- **INSTRUCTIONS TO FOLLOW**
Starting with the line that contains "Sum21/1 -> 31/1" and ending with the final line of the data below, print those lines exactly and nothing else.
** DATA TO PROCESS follows **
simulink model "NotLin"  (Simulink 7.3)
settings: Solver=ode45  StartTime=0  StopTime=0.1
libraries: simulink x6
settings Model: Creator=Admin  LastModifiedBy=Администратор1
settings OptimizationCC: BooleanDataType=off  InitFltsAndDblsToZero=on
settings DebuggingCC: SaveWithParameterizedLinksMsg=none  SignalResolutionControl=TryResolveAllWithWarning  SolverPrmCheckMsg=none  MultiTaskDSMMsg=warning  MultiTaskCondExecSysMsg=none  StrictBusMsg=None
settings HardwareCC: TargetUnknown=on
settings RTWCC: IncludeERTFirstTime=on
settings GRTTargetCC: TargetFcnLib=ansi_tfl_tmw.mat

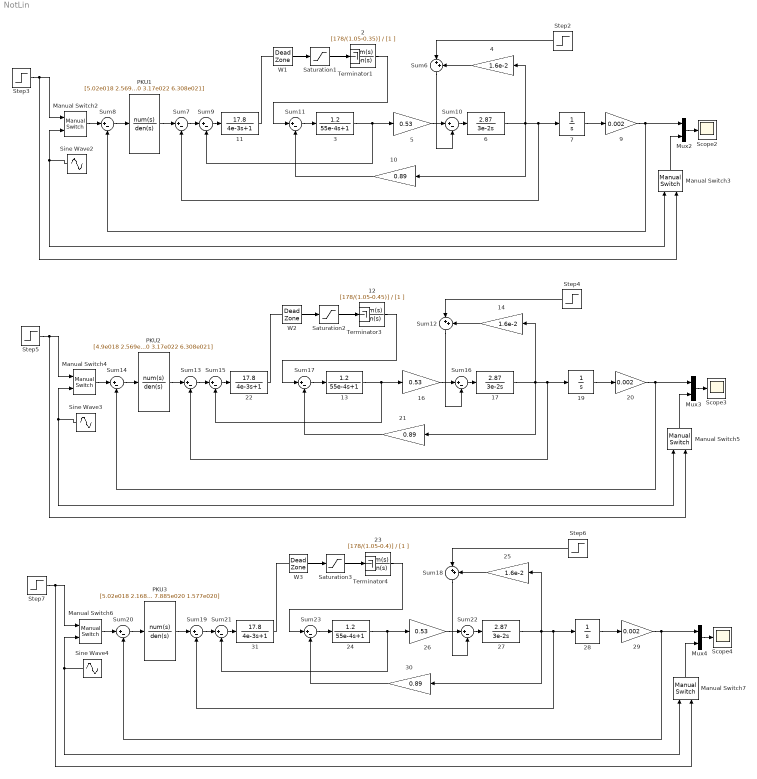
== system NotLin ==
  10 : Gain  Gain=0.89  ParameterDataType=sfix(16)  ParameterScaling=2^0  OutDataType=sfix(16)  OutScaling=2^0
  11 : TransferFcn  Numerator=[17.8]  Denominator=[4e-3 1]
  12 : TransferFcn  Numerator=[178/(1.05-0.45)]  Denominator=[1 ]
  13 : TransferFcn  Numerator=[1.2]  Denominator=[55e-4 1]
  14 : Gain  Gain=1.6e-2  ParameterDataType=sfix(16)  ParameterScaling=2^0  OutDataType=sfix(16)  OutScaling=2^0
  16 : Gain  Gain=0.53  ParameterDataType=sfix(16)  ParameterScaling=2^0  OutDataType=sfix(16)  OutScaling=2^0
  17 : TransferFcn  Numerator=[2.87]  Denominator=[3e-2 0]
  19 : TransferFcn  Numerator=[ 1 ]  Denominator=[1 0]
  2 : TransferFcn  Numerator=[178/(1.05-0.35)]  Denominator=[1 ]
  20 : Gain  Gain=0.002  ParameterDataType=sfix(16)  ParameterScaling=2^0  OutDataType=sfix(16)  OutScaling=2^0
  21 : Gain  Gain=0.89  ParameterDataType=sfix(16)  ParameterScaling=2^0  OutDataType=sfix(16)  OutScaling=2^0
  22 : TransferFcn  Numerator=[17.8]  Denominator=[4e-3 1]
  23 : TransferFcn  Numerator=[178/(1.05-0.4)]  Denominator=[1 ]
  24 : TransferFcn  Numerator=[1.2]  Denominator=[55e-4 1]
  25 : Gain  Gain=1.6e-2  ParameterDataType=sfix(16)  ParameterScaling=2^0  OutDataType=sfix(16)  OutScaling=2^0
  26 : Gain  Gain=0.53  ParameterDataType=sfix(16)  ParameterScaling=2^0  OutDataType=sfix(16)  OutScaling=2^0
  27 : TransferFcn  Numerator=[2.87]  Denominator=[3e-2 0]
  28 : TransferFcn  Numerator=[ 1 ]  Denominator=[1 0]
  29 : Gain  Gain=0.002  ParameterDataType=sfix(16)  ParameterScaling=2^0  OutDataType=sfix(16)  OutScaling=2^0
  3 : TransferFcn  Numerator=[1.2]  Denominator=[55e-4 1]
  30 : Gain  Gain=0.89  ParameterDataType=sfix(16)  ParameterScaling=2^0  OutDataType=sfix(16)  OutScaling=2^0
  31 : TransferFcn  Numerator=[17.8]  Denominator=[4e-3 1]
  4 : Gain  Gain=1.6e-2  ParameterDataType=sfix(16)  ParameterScaling=2^0  OutDataType=sfix(16)  OutScaling=2^0
  5 : Gain  Gain=0.53  ParameterDataType=sfix(16)  ParameterScaling=2^0  OutDataType=sfix(16)  OutScaling=2^0
  6 : TransferFcn  Numerator=[2.87]  Denominator=[3e-2 0]
  7 : TransferFcn  Numerator=[ 1 ]  Denominator=[1 0]
  9 : Gain  Gain=0.002  ParameterDataType=sfix(16)  ParameterScaling=2^0  OutDataType=sfix(16)  OutScaling=2^0
  Manual Switch2 : simulink/Signal Routing/Manual Switch  SystemSampleTime=-1  sw=1  action=0  varsize=off
  Manual Switch3 : simulink/Signal Routing/Manual Switch  SystemSampleTime=-1  sw=0  action=0  varsize=off
  Manual Switch4 : simulink/Signal Routing/Manual Switch  SystemSampleTime=-1  sw=1  action=0  varsize=off
  Manual Switch5 : simulink/Signal Routing/Manual Switch  SystemSampleTime=-1  sw=0  action=0  varsize=off
  Manual Switch6 : simulink/Signal Routing/Manual Switch  SystemSampleTime=-1  sw=1  action=0  varsize=off
  Manual Switch7 : simulink/Signal Routing/Manual Switch  SystemSampleTime=-1  sw=0  action=0  varsize=off
  Mux2 : Mux  Inputs=2
  Mux3 : Mux  Inputs=2
  Mux4 : Mux  Inputs=2
  PKU1 : TransferFcn  Numerator=[5.02e018 2.569e021 5.325e024 6.716e026 2.076e028 0]  Denominator=[0.09884 1.84e004 1.08e009 2.514e013 2.403e017 7.981e020 3.17e022 6.308e021]
  PKU2 : TransferFcn  Numerator=[4.9e018 2.569e021 5.325e024 6.716e026 2.076e028 0]  Denominator=[0.09884 1.84e004 1.08e009 2.514e013 2.403e017 7.981e020 3.17e022 6.308e021]
  PKU3 : TransferFcn  Numerator=[5.02e018 2.168e021 5.151e024 2.595e026 0]  Denominator=[0.09884 1.84e004 1.079e009 2.509e013 2.393e017 7.885e020 1.577e020]
  Saturation1 : Saturate  UpperLimit=178  LowerLimit=-178
  Saturation2 : Saturate  UpperLimit=178  LowerLimit=-178
  Saturation3 : Saturate  UpperLimit=178  LowerLimit=-178
  Scope2 : Scope
      settings: TickLabels=on  TimeRange=0.2  YMin=-1.1  YMax=1.1
  Scope3 : Scope
      settings: TickLabels=on  TimeRange=0.2  YMin=-1.1  YMax=1.1  SaveName=ScopeData2
  Scope4 : Scope
      settings: TickLabels=on  TimeRange=0.2  YMin=-1.1  YMax=1.1  SaveName=ScopeData3
  Sine Wave2 : Sin  Amplitude=1  Bias=0  Frequency=829.68  Phase=0  Samples=10  SampleTime=0  Offset=0
  Sine Wave3 : Sin  Amplitude=1  Bias=0  Frequency=896.4  Phase=0  Samples=10  SampleTime=0  Offset=0
  Sine Wave4 : Sin  Amplitude=1  Bias=0  Frequency=782.2  Phase=0  Samples=10  SampleTime=0  Offset=0
  Step2 : Step  Time=0  After=0.75  SampleTime=0
  Step3 : Step  Time=0  SampleTime=0
  Step4 : Step  Time=0  After=0.75  SampleTime=0
  Step5 : Step  Time=0  SampleTime=0
  Step6 : Step  Time=0  After=0.75  SampleTime=0
  Step7 : Step  Time=0  SampleTime=0
  Sum{7..11,13..17,19..23} (15 alike) : Sum  Inputs=|+-  OutDataType=sfix(16)  OutScaling=2^0
  Sum12 : Sum  Inputs=|++  OutDataType=sfix(16)  OutScaling=2^0
  Sum18 : Sum  Inputs=|++  OutDataType=sfix(16)  OutScaling=2^0
  Sum6 : Sum  Inputs=|++  OutDataType=sfix(16)  OutScaling=2^0
  Terminator1 : Terminator
  Terminator3 : Terminator
  Terminator4 : Terminator
  W1 : DeadZone  LowerValue=-0.35  UpperValue=+0.35  SaturateOnIntegerOverflow=on
  W2 : DeadZone  LowerValue=-0.45  UpperValue=+0.45  SaturateOnIntegerOverflow=on
  W3 : DeadZone  LowerValue=-0.40  UpperValue=+0.40  SaturateOnIntegerOverflow=on
  wires:
  Step3/1 -> Manual Switch2/1, Manual Switch3/2
  Sine Wave2/1 -> Manual Switch2/2, Manual Switch3/1
  Sum11/1 -> 3/1
  3/1 -> 5/1, Sum9/2
  6/1 -> 10/1, Sum7/2, 7/1, 4/1
  10/1 -> Sum11/2
  Mux2/1 -> Scope2/1
  9/1 -> Mux2/1, Sum8/2
  Manual Switch3/1 -> Mux2/2
  Manual Switch2/1 -> Sum8/1
  Sum7/1 -> Sum9/1
  Sum9/1 -> 11/1
  Sum8/1 -> PKU1/1
  5/1 -> Sum10/1
  Sum10/1 -> 6/1
  4/1 -> Sum6/2
  Step2/1 -> Sum6/1
  Sum6/1 -> Sum10/2
  7/1 -> 9/1
  W1/1 -> Saturation1/1
  PKU1/1 -> Sum7/1
  2/1 -> Terminator1/1, W1/1
  Saturation1/1 -> 2/1
  11/1 -> Sum11/1
  Step5/1 -> Manual Switch4/1, Manual Switch5/2
  Sine Wave3/1 -> Manual Switch4/2, Manual Switch5/1
  Sum17/1 -> 13/1
  13/1 -> 16/1, Sum15/2
  17/1 -> 21/1, Sum13/2, 19/1, 14/1
  21/1 -> Sum17/2
  Mux3/1 -> Scope3/1
  20/1 -> Mux3/1, Sum14/2
  Manual Switch5/1 -> Mux3/2
  Manual Switch4/1 -> Sum14/1
  Sum13/1 -> Sum15/1
  Sum15/1 -> 22/1
  Sum14/1 -> PKU2/1
  16/1 -> Sum16/1
  Sum16/1 -> 17/1
  14/1 -> Sum12/2
  Step4/1 -> Sum12/1
  Sum12/1 -> Sum16/2
  19/1 -> 20/1
  W2/1 -> Saturation2/1
  PKU2/1 -> Sum13/1
  12/1 -> Terminator3/1, W2/1
  Saturation2/1 -> 12/1
  22/1 -> Sum17/1
  Step7/1 -> Manual Switch6/1, Manual Switch7/2
  Sine Wave4/1 -> Manual Switch6/2, Manual Switch7/1
  Sum23/1 -> 24/1
  24/1 -> 26/1, Sum21/2
  27/1 -> 30/1, Sum19/2, 28/1, 25/1
  30/1 -> Sum23/2
  Mux4/1 -> Scope4/1
  29/1 -> Mux4/1, Sum20/2
  Manual Switch7/1 -> Mux4/2
  Manual Switch6/1 -> Sum20/1
  Sum19/1 -> Sum21/1
  Sum21/1 -> 31/1
  Sum20/1 -> PKU3/1
  26/1 -> Sum22/1
  Sum22/1 -> 27/1
  25/1 -> Sum18/2
  Step6/1 -> Sum18/1
  Sum18/1 -> Sum22/2
  28/1 -> 29/1
  W3/1 -> Saturation3/1
  PKU3/1 -> Sum19/1
  23/1 -> Terminator4/1, W3/1
  Saturation3/1 -> 23/1
  31/1 -> Sum23/1
** End of DATA TO PROCESS **
- **OUTPUT**
  Sum21/1 -> 31/1
  Sum20/1 -> PKU3/1
  26/1 -> Sum22/1
  Sum22/1 -> 27/1
  25/1 -> Sum18/2
  Step6/1 -> Sum18/1
  Sum18/1 -> Sum22/2
  28/1 -> 29/1
  W3/1 -> Saturation3/1
  PKU3/1 -> Sum19/1
  23/1 -> Terminator4/1, W3/1
  Saturation3/1 -> 23/1
  31/1 -> Sum23/1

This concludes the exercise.